-- Given records follows --

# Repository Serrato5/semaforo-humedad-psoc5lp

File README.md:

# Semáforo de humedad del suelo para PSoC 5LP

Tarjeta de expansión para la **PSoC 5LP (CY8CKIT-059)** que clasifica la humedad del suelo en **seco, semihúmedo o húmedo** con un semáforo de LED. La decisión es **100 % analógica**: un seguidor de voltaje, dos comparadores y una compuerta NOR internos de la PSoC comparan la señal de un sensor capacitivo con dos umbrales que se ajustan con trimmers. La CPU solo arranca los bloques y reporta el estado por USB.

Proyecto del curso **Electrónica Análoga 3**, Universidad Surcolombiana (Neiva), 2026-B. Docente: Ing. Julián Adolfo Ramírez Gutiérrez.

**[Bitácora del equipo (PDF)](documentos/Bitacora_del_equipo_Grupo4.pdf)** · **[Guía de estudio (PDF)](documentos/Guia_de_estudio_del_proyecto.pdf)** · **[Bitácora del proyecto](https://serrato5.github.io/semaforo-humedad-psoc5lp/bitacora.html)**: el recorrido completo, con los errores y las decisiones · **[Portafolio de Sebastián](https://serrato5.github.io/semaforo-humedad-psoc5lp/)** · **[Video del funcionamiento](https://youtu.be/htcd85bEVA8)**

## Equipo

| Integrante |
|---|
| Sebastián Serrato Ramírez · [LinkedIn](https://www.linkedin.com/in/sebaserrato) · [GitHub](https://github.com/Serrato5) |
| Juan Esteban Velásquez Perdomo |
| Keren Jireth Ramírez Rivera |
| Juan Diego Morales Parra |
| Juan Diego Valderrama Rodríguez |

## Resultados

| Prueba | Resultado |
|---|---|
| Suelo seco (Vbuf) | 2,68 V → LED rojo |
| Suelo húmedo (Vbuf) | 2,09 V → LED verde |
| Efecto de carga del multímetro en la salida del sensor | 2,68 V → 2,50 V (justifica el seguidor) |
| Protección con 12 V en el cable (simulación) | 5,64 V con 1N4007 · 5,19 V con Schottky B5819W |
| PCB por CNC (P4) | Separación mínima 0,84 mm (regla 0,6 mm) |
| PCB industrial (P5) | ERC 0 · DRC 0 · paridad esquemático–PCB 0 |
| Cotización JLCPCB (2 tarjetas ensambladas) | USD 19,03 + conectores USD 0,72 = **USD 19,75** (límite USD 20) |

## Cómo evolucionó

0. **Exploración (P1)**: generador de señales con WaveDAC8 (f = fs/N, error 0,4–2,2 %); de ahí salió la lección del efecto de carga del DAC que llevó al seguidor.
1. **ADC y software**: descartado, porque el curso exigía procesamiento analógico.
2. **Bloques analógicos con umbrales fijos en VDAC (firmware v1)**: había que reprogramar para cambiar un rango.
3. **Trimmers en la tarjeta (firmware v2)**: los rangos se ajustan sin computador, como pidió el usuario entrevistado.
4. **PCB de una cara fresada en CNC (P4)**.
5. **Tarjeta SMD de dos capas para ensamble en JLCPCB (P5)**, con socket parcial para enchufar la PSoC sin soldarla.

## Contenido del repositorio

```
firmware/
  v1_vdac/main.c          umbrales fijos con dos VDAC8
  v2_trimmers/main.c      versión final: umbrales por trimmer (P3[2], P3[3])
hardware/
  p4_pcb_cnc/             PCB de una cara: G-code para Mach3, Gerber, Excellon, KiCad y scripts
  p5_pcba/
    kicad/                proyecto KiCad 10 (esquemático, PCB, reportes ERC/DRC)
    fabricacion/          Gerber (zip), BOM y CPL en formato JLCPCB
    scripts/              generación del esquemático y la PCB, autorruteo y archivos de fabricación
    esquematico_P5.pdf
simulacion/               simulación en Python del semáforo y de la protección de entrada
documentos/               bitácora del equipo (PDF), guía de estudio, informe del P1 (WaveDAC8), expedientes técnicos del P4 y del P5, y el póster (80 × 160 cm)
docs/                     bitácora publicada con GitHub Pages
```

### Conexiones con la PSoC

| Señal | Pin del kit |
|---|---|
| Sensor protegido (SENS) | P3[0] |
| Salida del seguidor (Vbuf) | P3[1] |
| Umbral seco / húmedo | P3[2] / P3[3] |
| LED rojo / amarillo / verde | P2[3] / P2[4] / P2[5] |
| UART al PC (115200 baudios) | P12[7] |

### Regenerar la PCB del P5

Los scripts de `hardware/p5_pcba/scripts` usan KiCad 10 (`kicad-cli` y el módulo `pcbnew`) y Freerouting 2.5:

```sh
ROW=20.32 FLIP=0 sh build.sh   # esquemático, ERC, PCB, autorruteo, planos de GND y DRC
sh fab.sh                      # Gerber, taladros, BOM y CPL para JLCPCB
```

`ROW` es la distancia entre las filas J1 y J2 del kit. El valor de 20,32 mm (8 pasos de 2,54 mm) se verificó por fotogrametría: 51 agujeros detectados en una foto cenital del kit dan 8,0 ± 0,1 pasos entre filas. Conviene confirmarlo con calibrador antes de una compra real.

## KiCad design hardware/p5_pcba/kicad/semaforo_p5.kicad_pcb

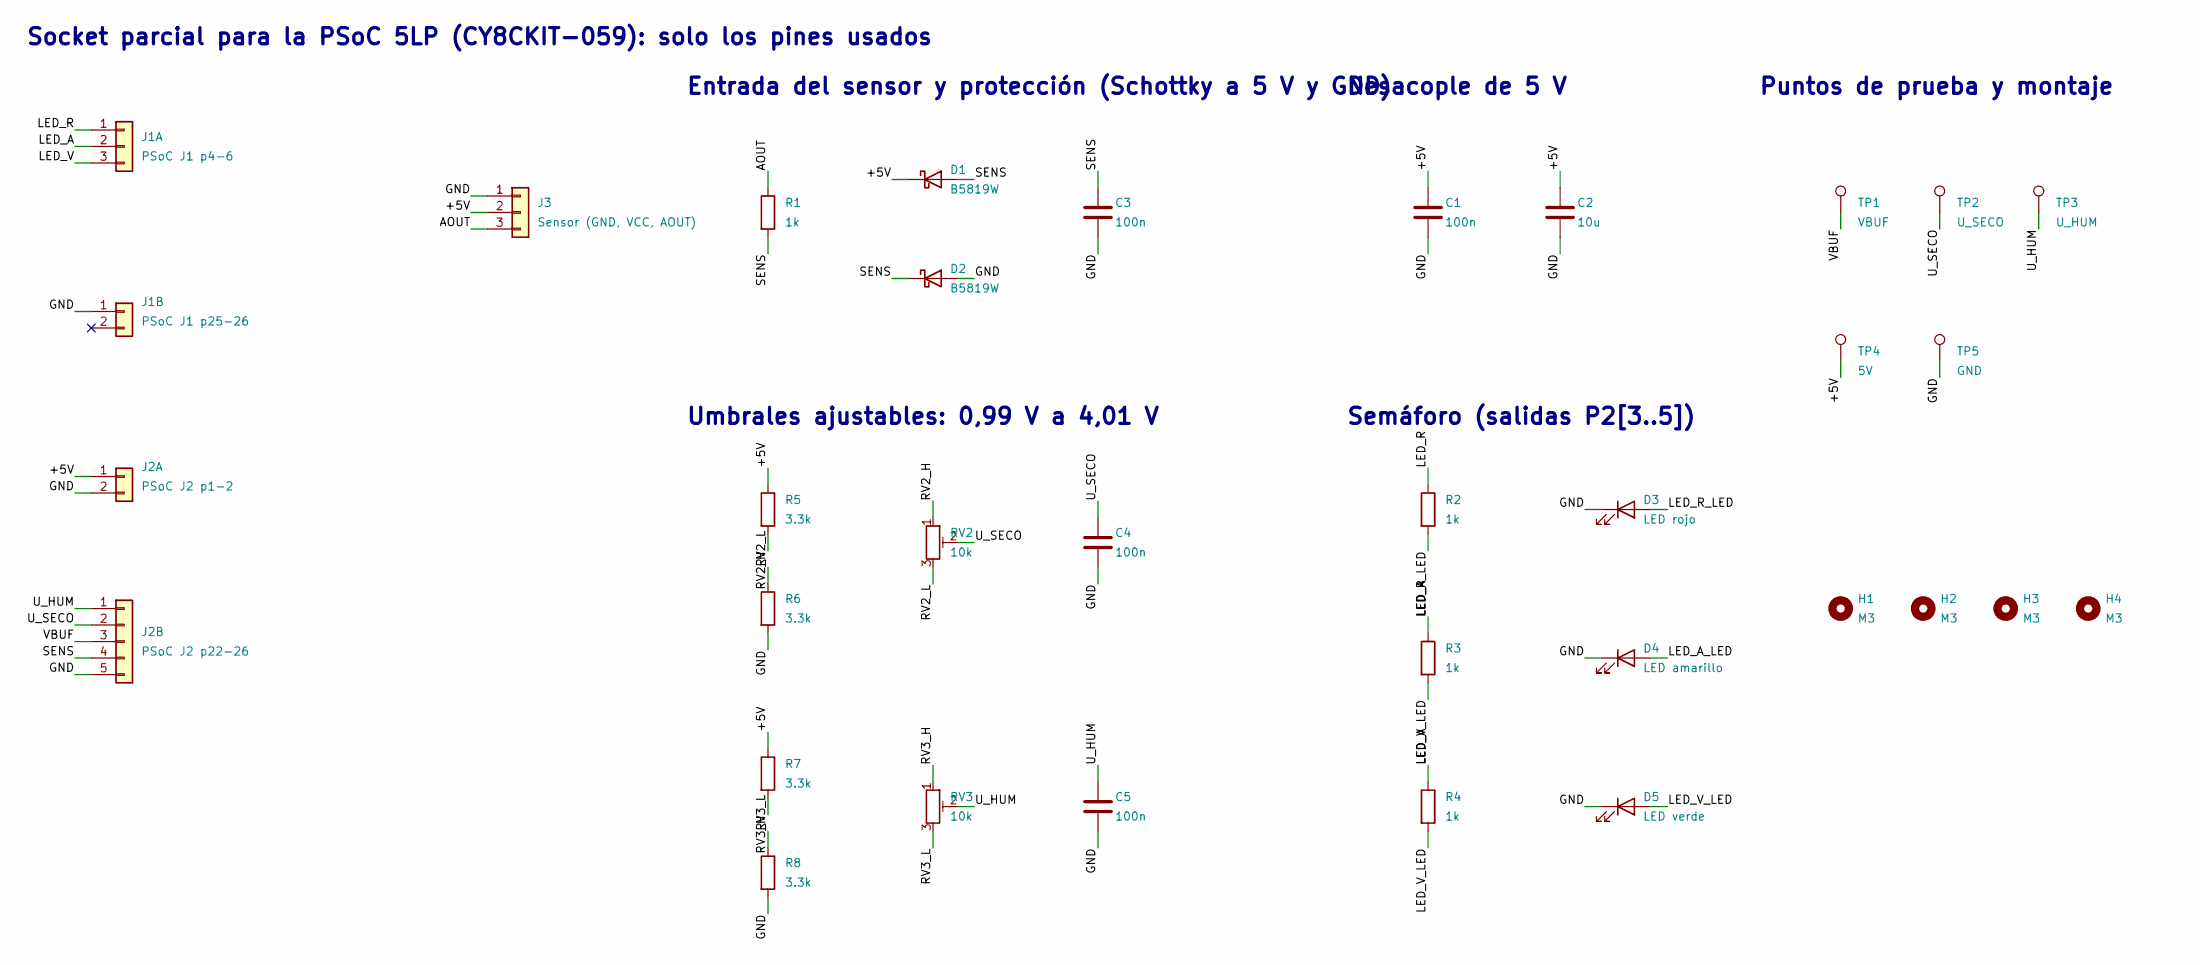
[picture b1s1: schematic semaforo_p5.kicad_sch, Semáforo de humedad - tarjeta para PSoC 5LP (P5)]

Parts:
C1, C3, C4, C5: 100n; C_0805_2012Metric; LCSC C49678
C2: 10u; C_0805_2012Metric; LCSC C15850
D1, D2: B5819W; D_SOD-123; LCSC C8598
D3: LED rojo; LED_0805_2012Metric; LCSC C84256
D4: LED amarillo; LED_0805_2012Metric; LCSC C2296
D5: LED verde; LED_0805_2012Metric; LCSC C2297
H1, H2, H3, H4: M3; MountingHole_3.2mm_M3
J1A: PSoC J1 p4-6; PinSocket_1x03_P2.54mm_Vertical
J1B: PSoC J1 p25-26; PinSocket_1x02_P2.54mm_Vertical
J2A: PSoC J2 p1-2; PinSocket_1x02_P2.54mm_Vertical
J2B: PSoC J2 p22-26; PinSocket_1x05_P2.54mm_Vertical
J3: Sensor (GND, VCC, AOUT); PinHeader_1x03_P2.54mm_Vertical
R1, R2, R3, R4: 1k; R_0805_2012Metric; LCSC C17513
R5, R6, R7, R8: 3.3k; R_0805_2012Metric; LCSC C26010
RV2, RV3: 10k; Potentiometer_Bourns_TC33X_Vertical; LCSC C719176
TP1: VBUF; TestPoint_Pad_D1.5mm
TP2: U_SECO; TestPoint_Pad_D1.5mm
TP3: U_HUM; TestPoint_Pad_D1.5mm
TP4: 5V; TestPoint_Pad_D1.5mm
TP5: GND; TestPoint_Pad_D1.5mm

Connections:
/+5V: C1.1, C2.1, D1.1 (K), J2A.1, J3.2, R5.1, R7.1, TP4.1
/AOUT: J3.3, R1.1
/GND: C1.2, C2.2, C3.2, C4.2, C5.2, D2.2 (A), D3.1 (K), D4.1 (K), D5.1 (K), J1B.1, J2A.2, J2B.5, J3.1, R6.2, R8.2, TP5.1
/LED_A: J1A.2, R3.1
/LED_A_LED: D4.2 (A), R3.2
/LED_R: J1A.1, R2.1
/LED_R_LED: D3.2 (A), R2.2
/LED_V: J1A.3, R4.1
/LED_V_LED: D5.2 (A), R4.2
/RV2_H: R5.2, RV2.1
/RV2_L: R6.1, RV2.3
/RV3_H: R7.2, RV3.1
/RV3_L: R8.1, RV3.3
/SENS: C3.1, D1.2 (A), D2.1 (K), J2B.4, R1.2
/U_HUM: C5.1, J2B.1, RV3.2, TP3.1
/U_SECO: C4.1, J2B.2, RV2.2, TP2.1
/VBUF: J2B.3, TP1.1

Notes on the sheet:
Socket parcial para la PSoC 5LP (CY8CKIT-059): solo los pines usados
Entrada del sensor y protección (Schottky a 5 V y GND)
Umbrales ajustables: 0,99 V a 4,01 V
Semáforo (salidas P2[3..5])
Desacople de 5 V
Puntos de prueba y montaje

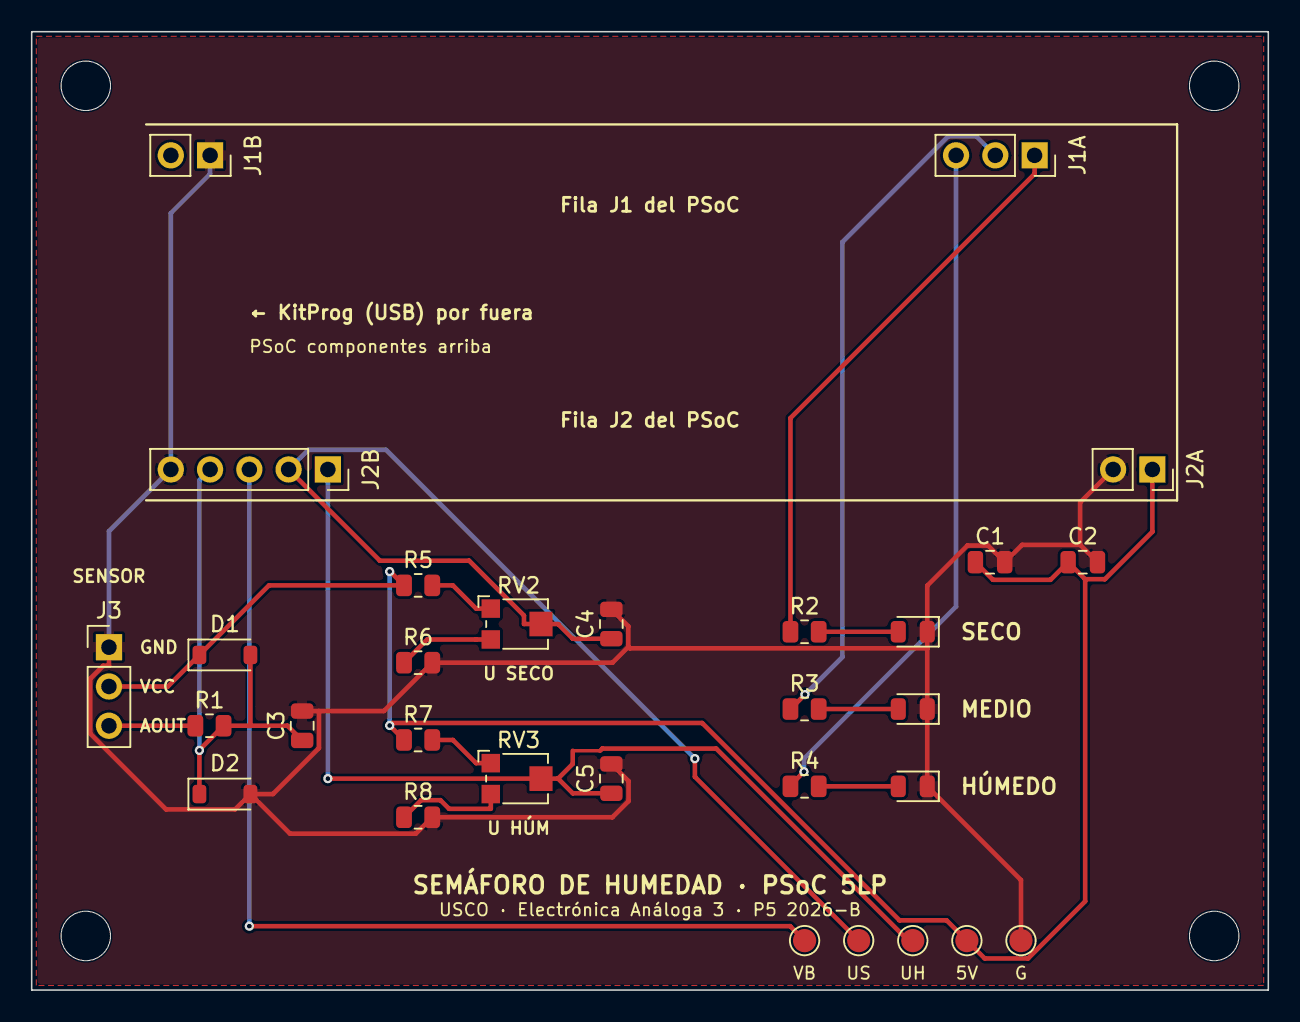
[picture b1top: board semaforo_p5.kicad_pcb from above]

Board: 2 copper layers, 80.0 x 62.0 mm, 34 parts (0 on the bottom side), 17 nets.

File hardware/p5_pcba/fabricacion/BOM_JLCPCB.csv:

Comment,Designator,Footprint,LCSC Part #
1k,"R1,R2,R3,R4",R_0805_2012Metric,C17513
B5819W,"D1,D2",D_SOD-123,C8598
100n,"C1,C3,C4,C5",C_0805_2012Metric,C49678
3.3k,"R5,R6,R7,R8",R_0805_2012Metric,C26010
10k,"RV2,RV3",Potentiometer_Bourns_TC33X_Vertical,C719176
LED rojo,D3,LED_0805_2012Metric,C84256
LED amarillo,D4,LED_0805_2012Metric,C2296
LED verde,D5,LED_0805_2012Metric,C2297
10u,C2,C_0805_2012Metric,C15850

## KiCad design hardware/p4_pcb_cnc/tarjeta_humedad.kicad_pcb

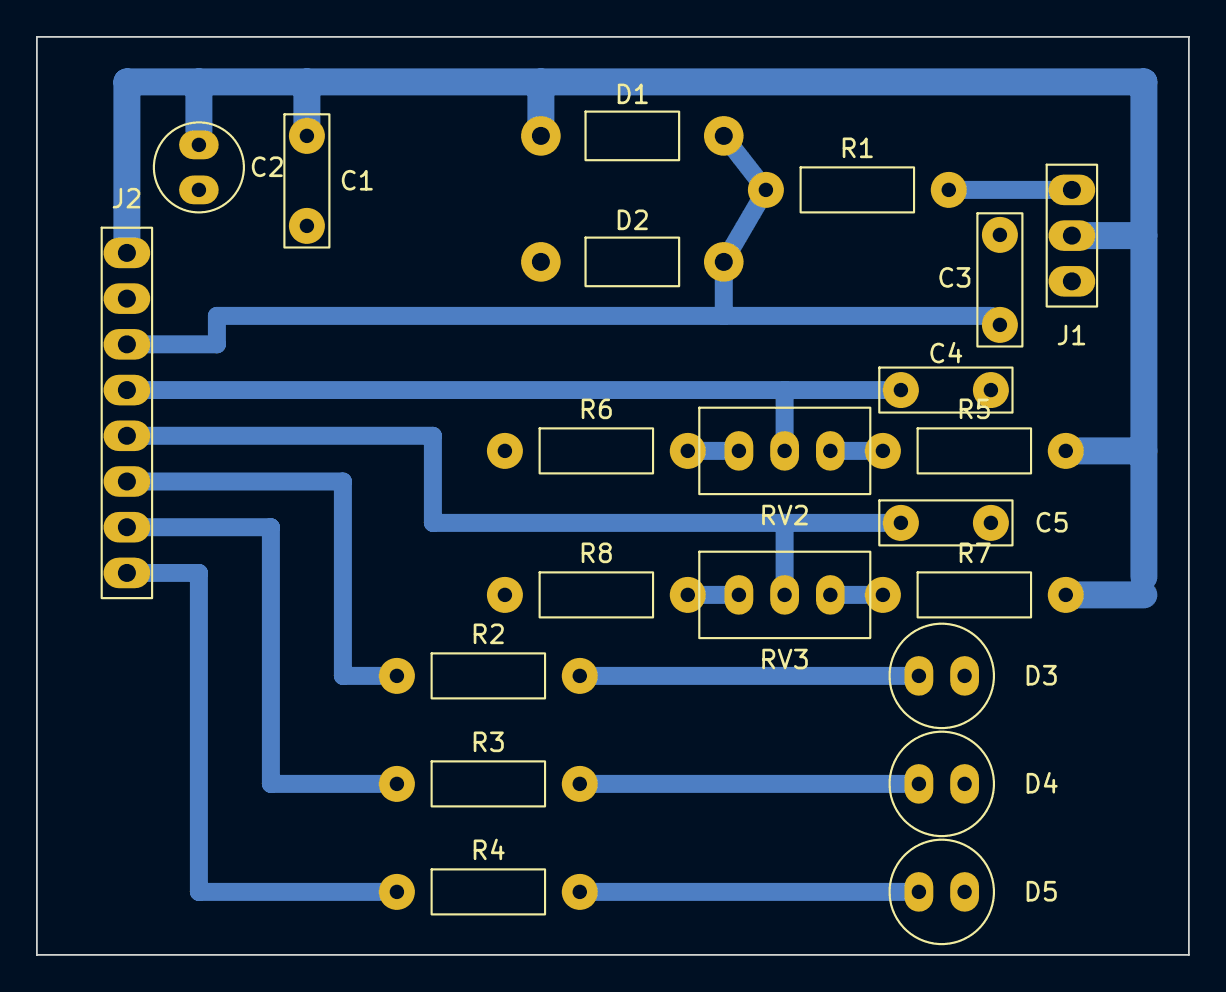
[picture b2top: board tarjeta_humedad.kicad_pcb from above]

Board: 2 copper layers, 64.0 x 51.0 mm, 22 parts (0 on the bottom side), 16 nets.

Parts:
C1, C3, C4, C5: 100n; C_Disc_D5.0mm_P5.00mm
C2: 10u; CP_Radial_D5.0mm_P2.50mm
D1, D2: 1N4007; D_DO-41_P10.16mm
D3: LED rojo; LED_D5.0mm
D4: LED amarillo; LED_D5.0mm
D5: LED verde; LED_D5.0mm
J1: Sensor; PinHeader_1x03_P2.54mm
J2: PSoC 1x8; PinHeader_1x08_P2.54mm
R1, R2, R3, R4: 1k; R_Axial_P10.16mm
R5, R6, R7, R8: 3k3; R_Axial_P10.16mm
RV2, RV3: 10k 3296W; Potentiometer_Bourns_3296W_Vertical

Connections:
+5V: C1.1, C2.1, D1.2, J1.2, J2.1, R5.2, R7.2
AOUT: J1.3, R1.2
GND: C1.2, C2.2, C3.2, C4.2, C5.2, D2.2, D3.1, D4.1, D5.1, J1.1, J2.2, R6.1, R8.1
LED_A: J2.7, R3.1
LED_A_K: D4.2, R3.2
LED_R: J2.6, R2.1
LED_R_K: D3.2, R2.2
LED_V: J2.8, R4.1
LED_V_K: D5.2, R4.2
N_RV2_A: R5.1, RV2.1
N_RV2_B: R6.2, RV2.3
N_RV3_A: R7.1, RV3.1
N_RV3_B: R8.2, RV3.3
SENS: C3.1, D1.1, D2.1, J2.3, R1.1
U_HUM: C5.1, J2.5, RV3.2
U_SECO: C4.1, J2.4, RV2.2

-- Given records concluded --

Repeat, word for word, every line from the line that contains "R1, R2, R3, R4: 1k; R_Axial_P10.16mm" to the end of the entries; include both of those lines and no others.

» Final answer
R1, R2, R3, R4: 1k; R_Axial_P10.16mm
R5, R6, R7, R8: 3k3; R_Axial_P10.16mm
RV2, RV3: 10k 3296W; Potentiometer_Bourns_3296W_Vertical

Connections:
+5V: C1.1, C2.1, D1.2, J1.2, J2.1, R5.2, R7.2
AOUT: J1.3, R1.2
GND: C1.2, C2.2, C3.2, C4.2, C5.2, D2.2, D3.1, D4.1, D5.1, J1.1, J2.2, R6.1, R8.1
LED_A: J2.7, R3.1
LED_A_K: D4.2, R3.2
LED_R: J2.6, R2.1
LED_R_K: D3.2, R2.2
LED_V: J2.8, R4.1
LED_V_K: D5.2, R4.2
N_RV2_A: R5.1, RV2.1
N_RV2_B: R6.2, RV2.3
N_RV3_A: R7.1, RV3.1
N_RV3_B: R8.2, RV3.3
SENS: C3.1, D1.1, D2.1, J2.3, R1.1
U_HUM: C5.1, J2.5, RV3.2
U_SECO: C4.1, J2.4, RV2.2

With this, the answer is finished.